Héritier du non-sens

«La terre où nous vivons n’est pas un don de nos ancêtres, ce sont nos enfants qui nous la prêtent».

Cette affirmation d’une implacable logique tirée du bon sens indigène d’Amérique du Nord, n’a que trop souvent pour effet, de provoquer un regard complice, compréhensif, admiratif et entendu, entre deux nouveaux croyants de la philosophie New Age. Or, la véritable force de cette déclaration, réside tout d’abord dans le fait qu’elle résume à elle seule l’exact contraire de l’idéologie en vigueur, que définit si bien la maxime capitaliste de la fin du 19ème : « Richesses, gains, tout pour nous, rien pour les autres ».

Deuxièmement, de par la vision Amérindienne d’un Espace-Temps combiné qui se traduit ici par un « prêt » dans le présent consenti par nos futurs pairs, nous pouvons voir dans cet espace que l’avenir de cette terre n’est qu’un enchaînement de « présents », dans le sens temporel du terme. La constatation est donc sans appel. Le futur ne peut être viable, qu’en envisageant l’annulation de ce mariage arrangé entre la croyance et l’espoir, pour une union saine et logique entre la pensée et l’action.

Mais revenons à cette maxime de la fin du 19ème siècle, chère à l’élite économique, et qui fut tellement pensée fort, qu’elle en devint un vrai slogan.

Qui sont donc aujourd’hui ces « autres », dont il ne faudrait pas se soucier ? Et bien comme l’illustre si bien cette citation Amérindienne, ces « Autres », sont simplement nos enfants, ce « tout pour nous », c’est notre présent, ce « rien pour les autres », c’est leur avenir…

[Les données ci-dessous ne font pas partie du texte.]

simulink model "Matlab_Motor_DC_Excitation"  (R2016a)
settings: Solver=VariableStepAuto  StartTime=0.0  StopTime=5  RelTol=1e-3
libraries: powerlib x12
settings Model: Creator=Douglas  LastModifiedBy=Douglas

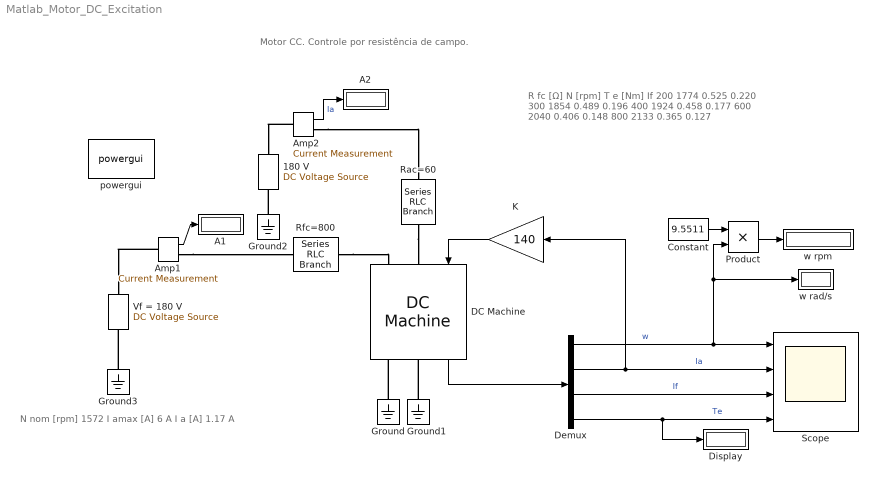
== system Matlab_Motor_DC_Excitation ==
  note: R fc [Ω]
      | N [rpm]
      | T e [Nm]
      | If
      |
      | 200
      | 1774
      | 0.525
      | 0.220
      |
      | 300
      | 1854
      | 0.489
      | 0.196
      |
      | 400
      | 1924
      | 0.458
      | 0.177
      |
      | 600
      | 2040
      | 0.406
      | 0.148
      |
      | 800
      | 2133
      | 0.365
      | 0.127
  note: N nom [rpm]
      | 1572
      |
      | I amax [A]
      | 6 A
      |
      | I a [A]
      | 1.17 A
  note: Motor CC. Controle por resistência de campo.
  180 V : powerlib/Electrical Sources/DC Voltage Source  Amplitude=185  Measurements=None
  A1 : Display
  A2 : Display
  Amp1 : powerlib/Measurements/Current Measurement  PhasorSimulation=off  OutputType=Complex  PSBequivalent=0
  Amp2 : powerlib/Measurements/Current Measurement  PhasorSimulation=off  OutputType=Complex  PSBequivalent=0
  Constant : Constant  Value=9.5511
  DC Machine : powerlib/Machines/DC Machine  PresetModel=No  MechanicalLoad=Speed w  FieldType=Wound  ShowDetailedParameters=on  MeasurementBus=off  RLa="[ 24  0.0]"  RLf="[ 618  0.05]"  Laf=1.8  MachineConstant=Torque constant (N.m/A)  Ke=1.8  Kt=1.8  J=1  Bm=0  Tf=0  w0=1  Ifinit=0.3  TsPowergui=0  TsBlock=-1
  Demux : Demux
  Display : Display
  Ground{,1..3} (4 alike) : powerlib/Elements/Ground  LConnTagsString=a
  K : Gain  Gain=140
  Product : Product
  Rac=60 : powerlib/Elements/Series RLC Branch  LConnTagsString=__new0  RConnTagsString=__new0  BranchType=R  Resistance=60  Inductance=1e-3  SetiL0=off  InitialCurrent=0  Capacitance=1e-6  Setx0=off  InitialVoltage=0  Measurements=None
  Rfc=800 : powerlib/Elements/Series RLC Branch  LConnTagsString=__new0  RConnTagsString=__new0  BranchType=R  Resistance=800  Inductance=1e-3  SetiL0=off  InitialCurrent=0  Capacitance=1e-6  Setx0=off  InitialVoltage=0  Measurements=None
  Scope : Scope  NumInputPorts=4
  Vf = 180 V : powerlib/Electrical Sources/DC Voltage Source  Amplitude=180  Measurements=None
  powergui : powerlib/powergui  Priority=1  SimulationMode=Discrete  SolverType=Tustin/Backward Euler (TBE)  SampleTime=50e-6  frequency=60  SPID=off  DisableSnubberDevices=off  DisableRonSwitches=off  DisableVfSwitches=off  SwTol=0  DisplayEquations=off  Interpol=off  ExternalGateDelay=off  methode=off  Ts=10  FunctionMessages=off  echomessages=off  HookPort=off  EnableUseOfTLC=off  x0status=blocks  frequencyindice=0  Pbase=100e6  ErrMax=1e-4  Iterations=50  UnitsV=kV  UnitsW=MW  buscounter=0  RestoreLinks=warning  ResistiveCurrentMeasurement=off  Frange=[0:2:500]  Ylog=off  Xlog=on  ShowGrid=off  save=off  variable=ZData  structure=0  ZoomFFT=off  StartTime=0.0  cycles=1  DisplayStyle=1  fundamental=60  FreqAxis=off  MaxFrequency=1000  frequencyindicesteady=1  RmsSteady=1  display=off
  w rad/s : Display
  w rpm : Display
  wires:
  DC Machine/1 -> Demux/1
  Demux/3 -> Scope/3  "If"
  Demux/4 -> Scope/4, Display/1  "Te"
  Demux/1 -> w rad/s/1, Product/2, Scope/1  "w"
  Demux/2 -> K/1, Scope/2  "Ia"
  Constant/1 -> Product/1
  Product/1 -> w rpm/1
  Amp1/1 -> A1/1
  Amp2/1 -> A2/1  "Ia"
  K/1 -> DC Machine/1
  connections:
  Ground/LConn1 -- DC Machine/RConn2
  Ground1/LConn1 -- DC Machine/RConn1
  Ground2/LConn1 -- 180 V/LConn1
  Rac=60/RConn1 -- DC Machine/LConn1
  Ground3/LConn1 -- Vf = 180 V/LConn1
  Rfc=800/LConn1 -- DC Machine/LConn2
  Amp1/RConn1 -- Rfc=800/RConn1
  Amp1/LConn1 -- Vf = 180 V/RConn1
  Amp2/LConn1 -- 180 V/RConn1
  Amp2/RConn1 -- Rac=60/LConn1

Alors, à ce point-là de mon discours, et si je voulais faire plaisir à « un intello gauchiste » de base, je devrais tout d’abord m’excuser de faire dans l’émotionnel, pour ensuite, par un effet littéraire, élitiste de par le verbe mais médiocre en contenu, trouver la formule adéquate qui me rangerait du côté des « gentils », sans pour autant contrarier le rot « post gavage » de cet activiste subventionné. Et pourtant, le fait est que cet émotionnel, c’est l’émotionnel de la vie, c’est l’émotionnel du vivant, c’est l’émotionnel du réel. Alors voyons les choses comme elles sont. Si, l’espace de quelques minutes nous voulons flirter avec ce réel, commençons par regarder nos enfants dans les yeux, et disons-nous que ce que nous sommes en train d’accepter, de plébisciter, et de prononcer nous-mêmes, c’est leur condamnation sans procès. Le motif ? Simplement pour l’illusoire et sereine pérennité de notre consommation frénétique, écœurante et grotesque, et pour tout ce qui a été décidé, validé et imposé par les « grandes personnes responsables » comme étant essentiel à notre bonheur, bien-être, mieux-être, ou même mieux , comme essentiel à notre réalisation et à l’affirmation de nous-même dans un « ici », mais surtout dans un « maintenant ». Mais, toute chose à un prix, et toute cause une conséquence.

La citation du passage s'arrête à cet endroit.